Which lines of the data contain the string "lineweight"? Copy every one of them.

* **Dataset**
=== Begin Enclosure ===

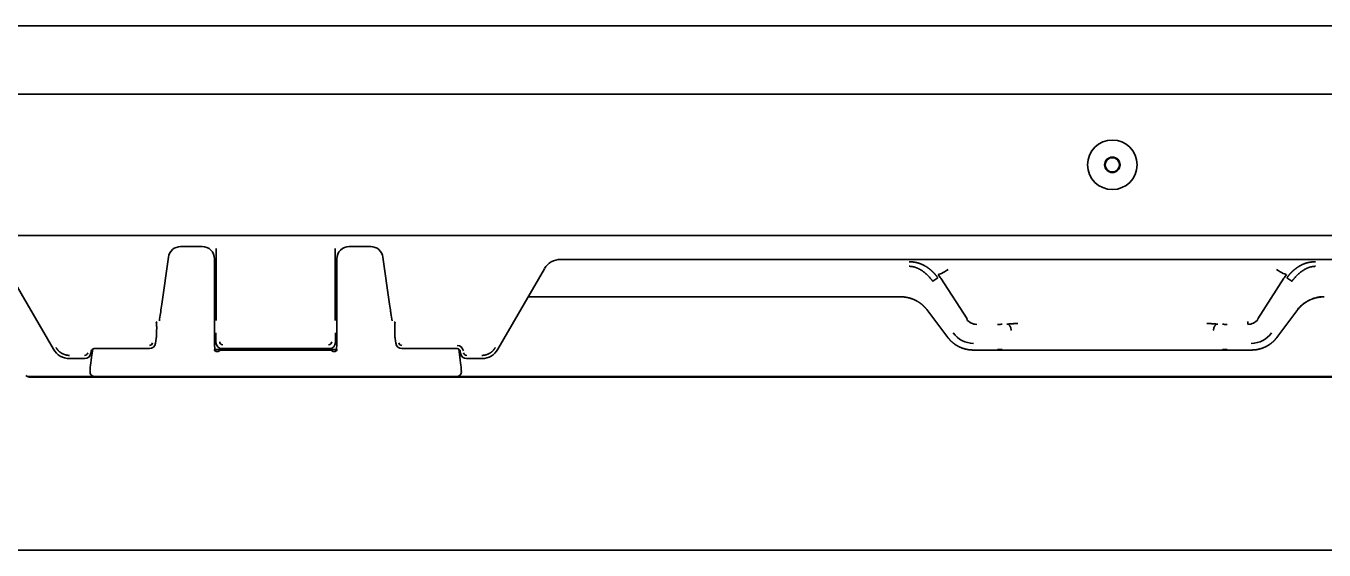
# Model space of a CAD drawing. Header units: inches. Extents: x 90 to 4162, y -443 to 3471.
# Drawn here: x 2450.6 to 2660, y 179.1 to 263.6 of the extents above; entities that cross this region are included whole.
import ezdxf

# ---------------------------------------------------------------- set-up
doc = ezdxf.new("R2010")
doc.units = ezdxf.units.IN
doc.layers.add('1', color=7, linetype='Continuous', true_color=0xffffff)
doc.layers.add('4', color=7, linetype='Continuous', true_color=0xffffff)

msp = doc.modelspace()

# ---------------------------------------------------------------- linework, layer by layer
at = {"layer": '1', "color": 7, "linetype": 'Continuous', "lineweight": 35}
for p, q in [((3000.55, 263.63), (2311.89, 263.63)), ((2947.14, 252.62), (2311.89, 252.62)), ((2365.17, 229.81), (2947.21, 229.81)), ((2473.59, 226.31), (2472.52, 218.72)), ((2479.02, 228.03), (2475.57, 228.03)), ((2506.22, 228.03), (2502.76, 228.03)), ((2509.26, 218.72), (2508.19, 226.31)), ((2481.01, 226.04), (2481.01, 224.9)), ((2481.01, 224.9), (2481.01, 223.22)), ((2500.77, 224.9), (2500.77, 226.04)), ((2500.77, 223.22), (2500.77, 224.9)), ((2481.01, 223.22), (2481.01, 218.72)), ((2500.77, 218.72), (2500.77, 223.22)), ((2472.12, 216.04), (2472.16, 216.32)), ((2481.04, 212.41), (2481.04, 216.32)), ((2500.74, 212.41), (2500.74, 216.32)), ((2509.66, 216.04), (2509.62, 216.32)), ((2486.89, 211.56), (2486.89, 211.5)), ((2494.89, 211.5), (2494.89, 211.56)), ((2461.37, 211.5), (2461.18, 210.16)), ((2461.18, 210.16), (2461.18, 210.16)), ((2481.04, 211.43), (2481.23, 211.43)), ((2481.04, 211.37), (2481.04, 211.43)), ((2481.73, 211.42), (2481.87, 211.37)), ((2481.73, 211.14), (2481.87, 211.27)), ((2482.37, 211.36), (2483.39, 211.36)), ((2499.42, 211.3), (2482.37, 211.3)), ((2487.39, 211.36), (2494.39, 211.36)), ((2498.39, 211.36), (2499.42, 211.36)), ((2499.92, 211.37), (2500.05, 211.42)), ((2499.92, 211.27), (2500.05, 211.14)), ((2500.55, 211.43), (2500.74, 211.43)), ((2500.74, 211.37), (2500.74, 211.43)), ((2520.6, 210.16), (2520.42, 211.5)), ((2450.81, 207.06), (2800.98, 207.06)), ((2451.31, 206.93), (2800.48, 206.93)), ((2462.34, 207.06), (2461.68, 207.06)), ((2466.63, 207.06), (2462.34, 207.06)), ((2515.15, 207.06), (2466.63, 207.06)), ((2492.44, 207.06), (2492.44, 207.06)), ((2519.44, 207.06), (2515.15, 207.06)), ((2520.1, 207.06), (2519.44, 207.06)), ((2802.84, 179.06), (2448.94, 179.06))]:
    msp.add_line(p, q, dxfattribs=at)
for radius in [4, 1.25, 1.15]:
    msp.add_circle((2625.89, 241.22), radius, dxfattribs=at)
msp.add_arc((2451.31, 207.93), 1, 225, 270, dxfattribs=at)
for centre, major_axis, ratio, start_param, end_param in [((2475.57, 226.03), (1.32, -1.51), 0.997598, 2.427198, 3.855987), ((2479.01, 226.03), (-1.42, -1.42), 0.997265, 2.357564, 3.925621), ((2502.77, 226.03), (-1.42, 1.42), 0.997265, 5.499157, 7.067214), ((2506.21, 226.03), (1.32, 1.51), 0.997598, 5.568791, 6.99758), ((2472.36, 218.72), (0.42, 3), 0.051895, 4.308564, 4.719702), ((2481.17, 218.72), (0, 3), 0.052408, 1.570796, 1.981934), ((2500.61, 218.72), (0, 3), 0.052408, 4.301251, 4.712389), ((2509.42, 218.72), (-0.42, 3), 0.051895, 1.563483, 1.974621), ((2472.32, 216.32), (0.42, 3), 0.051895, 1.166972, 1.57811), ((2480.88, 216.32), (0, 3), 0.052408, 4.712389, 5.123527), ((2500.9, 216.32), (0, 3), 0.052408, 1.159658, 1.570796), ((2509.47, 216.32), (-0.42, 3), 0.051895, 4.705076, 5.116214), ((2481.09, 212.41), (0, 1), 0.052408, 1.570796, 3.124139), ((2483.39, 212.36), (0.447, -0.895), 0.99981, 5.819644, 6.453939), ((2487.39, 212.36), (0.447, 0.895), 0.99981, 2.970839, 3.605134), ((2494.39, 212.36), (-0.447, 0.895), 0.99981, 2.678052, 3.312346), ((2498.39, 212.36), (0.447, 0.895), 0.99981, 2.970839, 3.605134), ((2500.69, 212.41), (0, 1), 0.052408, 3.159046, 4.712389), ((2461.26, 210.16), (0.32, 2.25), 0.03458, 1.575662, 3.146458), ((2481.29, 211.37), (0.177, 0.177), 0.997265, 2.357564, 3.693517), ((2481.23, 211.42), (0.5, 0), 0.017455, 0.05236, 1.570796), ((2481.23, 211.14), (0.5, 0), 0.052408, 4.828132, 6.230825), ((2482.37, 211.37), (0.5, 0), 0.017455, 3.193953, 4.712389), ((2482.37, 211.27), (0.5, 0), 0.052408, 1.570796, 3.089233), ((2499.42, 211.37), (0.5, 0), 0.017455, 4.712389, 6.230825), ((2499.42, 211.27), (0.5, 0), 0.052408, 0.05236, 1.570796), ((2500.55, 211.42), (0.5, 0), 0.017455, 1.570796, 3.089233), ((2500.55, 211.14), (0.5, 0), 0.052408, 3.193953, 4.596646), ((2500.49, 211.37), (0.177, -0.177), 0.997265, 5.731261, 7.067214), ((2520.52, 210.16), (-0.32, 2.25), 0.03458, 3.136727, 4.707523), ((2461.68, 207.81), (0, -0.75), 0.999379, 4.572848, 6.283185), ((2520.1, 207.81), (0, -0.75), 0.999379, 0, 1.710337)]:
    msp.add_ellipse(centre, major_axis=major_axis, ratio=ratio, start_param=start_param, end_param=end_param, dxfattribs=at)
for points in [[(2481.23, 211.12), (2481.25, 211.12), (2481.27, 211.12), (2481.29, 211.12)], [(2500.49, 211.12), (2500.51, 211.12), (2500.53, 211.12), (2500.55, 211.12)]]:
    msp.add_open_spline(points, degree=3, dxfattribs=at)
for points, knots in [([(2461.03, 207.45), (2461.04, 207.43), (2461.09, 207.34), (2461.23, 207.2), (2461.45, 207.08), (2461.61, 207.06), (2461.68, 207.06)], [0, 0, 0, 0, 0.092458, 0.389148, 0.725423, 1, 1, 1, 1]), ([(2520.1, 207.06), (2520.19, 207.06), (2520.36, 207.09), (2520.57, 207.21), (2520.7, 207.34), (2520.74, 207.42), (2520.75, 207.44)], [0, 0, 0, 0, 0.346122, 0.655529, 0.90949, 1, 1, 1, 1])]:
    msp.add_open_spline(points, degree=3, knots=knots, dxfattribs=at)
at = {"layer": '4', "color": 7, "linetype": 'Continuous', "lineweight": 35}
for p, q in [((2481.28, 227.7), (2481.28, 216.11)), ((2500.51, 216.11), (2500.51, 227.7)), ((2455.03, 211.46), (2447.52, 224.46)), ((2534.26, 224.46), (2526.76, 211.46)), ((2714.92, 225.96), (2536.86, 225.96)), ((2597.73, 222.99), (2596.91, 222.42)), ((2602.44, 216.34), (2598.21, 222.92)), ((2653.58, 222.92), (2649.34, 216.34)), ((2654.06, 222.99), (2654.87, 222.42)), ((2531.64, 219.91), (2591.74, 219.91)), ((2595.9, 217.92), (2595.94, 217.86)), ((2595.94, 217.86), (2599.36, 213.35)), ((2652.43, 213.35), (2655.84, 217.86)), ((2655.84, 217.86), (2655.88, 217.92)), ((2481.24, 213.71), (2481.24, 212.56)), ((2500.54, 212.56), (2500.54, 213.71)), ((2461.61, 211.56), (2470.52, 211.56)), ((2471.66, 213.57), (2471.5, 212.43)), ((2471.51, 212.42), (2471.67, 213.53)), ((2482.24, 211.56), (2499.54, 211.56)), ((2510.27, 212.42), (2510.11, 213.53)), ((2510.28, 212.43), (2510.12, 213.57)), ((2520.18, 211.56), (2511.26, 211.56)), ((2599.31, 213.41), (2599.36, 213.35)), ((2652.43, 213.35), (2652.47, 213.41)), ((2460.08, 209.96), (2457.62, 209.96)), ((2461.07, 210.82), (2461.11, 211.13)), ((2520.67, 211.13), (2520.72, 210.82)), ((2524.16, 209.96), (2521.7, 209.96)), ((2603.44, 211.33), (2648.35, 211.33))]:
    msp.add_line(p, q, dxfattribs=at)
for centre, start, end in [((2604.01, 217.44), 215, 270), ((2647.77, 217.44), 270, 325)]:
    msp.add_arc(centre, 1.97, start, end, dxfattribs=at)
for centre, major_axis, ratio, start_param, end_param in [((2536.86, 222.96), (1.5, -2.6), 0.999188, 2.618346, 3.66484), ((2599.42, 224.69), (-1.64, -1.14), 0.14345, 0.035272, 1.471755), ((2652.36, 224.69), (1.64, -1.14), 0.14345, 4.81143, 6.247914), ((2597.62, 223.72), (-0.701, 1), 0.028594, 3.76505, 4.517813), ((2654.16, 223.72), (0.701, 1), 0.028594, 1.765373, 2.518135), ((2471.76, 215.75), (0.415, 0.28), 0.20114, 1.435939, 1.790561), ((2510.02, 215.75), (-0.415, 0.28), 0.20114, 4.492624, 4.847247), ((2647.73, 217.52), (0.04, -2), 0.027445, 5.639402, 6.246413), ((2480.99, 213.71), (-0.177, -0.177), 0.998783, 2.356803, 3.725721), ((2481.24, 214.21), (0, 0.5), 0.034921, 3.176499, 4.469589), ((2500.54, 214.21), (0, 0.5), 0.034921, 1.813597, 3.106686), ((2500.79, 213.71), (0.177, -0.177), 0.998783, 2.557464, 3.926382), ((2603.48, 216.41), (-1.85, -3.55), 0.999226, 5.803537, 6.762834), ((2607.35, 215.51), (1, 0), 0.034921, 4.712389, 5.585054), ((2608.85, 214.52), (-0.036, 0.999), 0.722086, 4.686058, 6.232717), ((2610.66, 214.46), (1.5, 0), 0.058201, 2.377941, 2.443461), ((2642.93, 214.52), (0.036, 0.999), 0.722086, 0.050469, 1.597127), ((2641.12, 214.46), (-1.5, 0), 0.058201, 3.839725, 3.905244), ((2644.43, 215.51), (1, 0), 0.034921, 3.839724, 4.712389), ((2648.3, 216.41), (1.85, -3.55), 0.999226, 5.803537, 6.762834), ((2461.61, 211.06), (0.171, -0.47), 0.99931, 2.792529, 4.223191), ((2470.51, 212.57), (-0.328, 0.378), 0.998931, 2.426537, 3.856648), ((2470.52, 212.56), (-0.657, 0.756), 0.998931, 2.426537, 3.856648), ((2482.24, 212.56), (0.708, 0.708), 0.998783, 2.356803, 3.926382), ((2482.36, 212.67), (0.354, 0.354), 0.998783, 2.356803, 3.926382), ((2499.43, 212.67), (-0.354, 0.354), 0.998783, 2.356803, 3.926382), ((2499.54, 212.56), (0.708, -0.708), 0.998783, 5.498396, 7.067974), ((2511.26, 212.56), (0.657, 0.756), 0.998931, 2.426537, 3.856648), ((2511.27, 212.57), (0.328, 0.378), 0.998931, 2.426537, 3.856648), ((2520.18, 211.07), (0.342, 0.94), 0.99931, 5.201587, 6.632249), ((2520.18, 211.06), (0.171, 0.47), 0.99931, 5.201587, 6.632249), ((2457.62, 212.96), (1.5, 2.6), 0.999188, 2.618346, 3.66484), ((2460.07, 210.97), (0.171, -0.47), 0.99931, 5.934122, 7.364783), ((2460.08, 210.96), (0.342, -0.94), 0.99931, 5.934122, 7.364783), ((2521.71, 210.96), (0.342, 0.94), 0.99931, 2.059994, 3.490656), ((2521.71, 210.97), (0.171, 0.47), 0.99931, 2.059994, 3.490656), ((2524.16, 212.96), (1.5, -2.6), 0.999188, 5.759938, 6.806432), ((2607.35, 211.37), (1, 0), 0.034921, 0.698132, 1.570796), ((2644.43, 211.37), (1, 0), 0.034921, 1.570796, 2.443461)]:
    msp.add_ellipse(centre, major_axis=major_axis, ratio=ratio, start_param=start_param, end_param=end_param, dxfattribs=at)
for points, knots in [([(2593.13, 225.55), (2593.14, 225.55), (2593.16, 225.55), (2593.18, 225.55), (2593.21, 225.55), (2593.24, 225.55), (2593.27, 225.55), (2593.3, 225.55), (2593.33, 225.55), (2593.36, 225.56), (2593.39, 225.56), (2593.42, 225.55), (2593.45, 225.55), (2593.48, 225.55), (2593.51, 225.55), (2593.54, 225.55), (2593.57, 225.55), (2593.61, 225.55), (2593.64, 225.55), (2593.67, 225.54), (2593.7, 225.54), (2593.73, 225.54), (2593.76, 225.54), (2593.79, 225.53), (2593.83, 225.53), (2593.86, 225.52), (2593.89, 225.52), (2593.92, 225.52), (2593.95, 225.51), (2593.99, 225.51), (2594.02, 225.5), (2594.05, 225.5), (2594.08, 225.49), (2594.12, 225.48), (2594.15, 225.48), (2594.18, 225.47), (2594.22, 225.46), (2594.25, 225.46), (2594.28, 225.45), (2594.32, 225.44), (2594.35, 225.43), (2594.38, 225.42), (2594.42, 225.42), (2594.45, 225.41), (2594.48, 225.4), (2594.52, 225.39), (2594.55, 225.38), (2594.58, 225.37), (2594.62, 225.36), (2594.65, 225.35), (2594.69, 225.34), (2594.72, 225.33), (2594.76, 225.31), (2594.79, 225.3), (2594.82, 225.29), (2594.86, 225.28), (2594.89, 225.26), (2594.93, 225.25), (2594.96, 225.24), (2595, 225.22), (2595.03, 225.21), (2595.07, 225.19), (2595.1, 225.18), (2595.14, 225.16), (2595.17, 225.15), (2595.21, 225.13), (2595.24, 225.12), (2595.28, 225.1), (2595.31, 225.08), (2595.35, 225.07), (2595.38, 225.05), (2595.42, 225.03), (2595.45, 225.01), (2595.49, 225), (2595.52, 224.98), (2595.56, 224.96), (2595.59, 224.94), (2595.63, 224.92), (2595.67, 224.89), (2595.71, 224.87), (2595.75, 224.85), (2595.79, 224.82), (2595.84, 224.8), (2595.88, 224.77), (2595.92, 224.74), (2595.96, 224.72), (2596.01, 224.69), (2596.05, 224.66), (2596.09, 224.63), (2596.14, 224.59), (2596.18, 224.56), (2596.23, 224.53), (2596.28, 224.5), (2596.32, 224.46), (2596.37, 224.42), (2596.41, 224.39), (2596.46, 224.35), (2596.51, 224.31), (2596.56, 224.27), (2596.6, 224.23), (2596.65, 224.19), (2596.7, 224.15), (2596.75, 224.1), (2596.8, 224.06), (2596.85, 224.01), (2596.9, 223.96), (2596.95, 223.92), (2596.99, 223.87), (2597.04, 223.82), (2597.09, 223.77), (2597.14, 223.71), (2597.19, 223.66), (2597.24, 223.61), (2597.29, 223.55), (2597.34, 223.49), (2597.39, 223.43), (2597.44, 223.38), (2597.49, 223.31), (2597.53, 223.25), (2597.58, 223.19), (2597.63, 223.13), (2597.68, 223.06), (2597.71, 223.02), (2597.73, 222.99)], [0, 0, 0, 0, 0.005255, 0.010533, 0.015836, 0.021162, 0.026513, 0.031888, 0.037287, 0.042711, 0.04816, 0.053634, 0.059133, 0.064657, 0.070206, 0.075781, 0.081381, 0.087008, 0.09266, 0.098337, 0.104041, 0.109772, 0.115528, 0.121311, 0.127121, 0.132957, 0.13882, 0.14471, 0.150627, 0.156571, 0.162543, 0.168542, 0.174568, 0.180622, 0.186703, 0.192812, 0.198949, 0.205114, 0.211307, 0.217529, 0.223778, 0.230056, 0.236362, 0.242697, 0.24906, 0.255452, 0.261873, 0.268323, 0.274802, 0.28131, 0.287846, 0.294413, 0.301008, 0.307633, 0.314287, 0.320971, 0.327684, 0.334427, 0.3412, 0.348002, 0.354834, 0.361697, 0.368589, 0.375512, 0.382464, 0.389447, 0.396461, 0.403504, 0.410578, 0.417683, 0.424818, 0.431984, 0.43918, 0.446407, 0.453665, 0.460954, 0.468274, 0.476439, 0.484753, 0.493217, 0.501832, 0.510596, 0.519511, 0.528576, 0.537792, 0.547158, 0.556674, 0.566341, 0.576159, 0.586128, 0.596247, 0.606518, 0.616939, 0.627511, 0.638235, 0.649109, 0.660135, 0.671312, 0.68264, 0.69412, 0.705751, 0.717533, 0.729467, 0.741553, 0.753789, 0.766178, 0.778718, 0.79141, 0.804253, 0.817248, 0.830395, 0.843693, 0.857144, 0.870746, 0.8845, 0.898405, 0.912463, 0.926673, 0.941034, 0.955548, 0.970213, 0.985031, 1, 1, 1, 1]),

=== End Enclosure ===

* **Solved problem**
at = {"layer": '1', "color": 7, "linetype": 'Continuous', "lineweight": 35}
at = {"layer": '4', "color": 7, "linetype": 'Continuous', "lineweight": 35}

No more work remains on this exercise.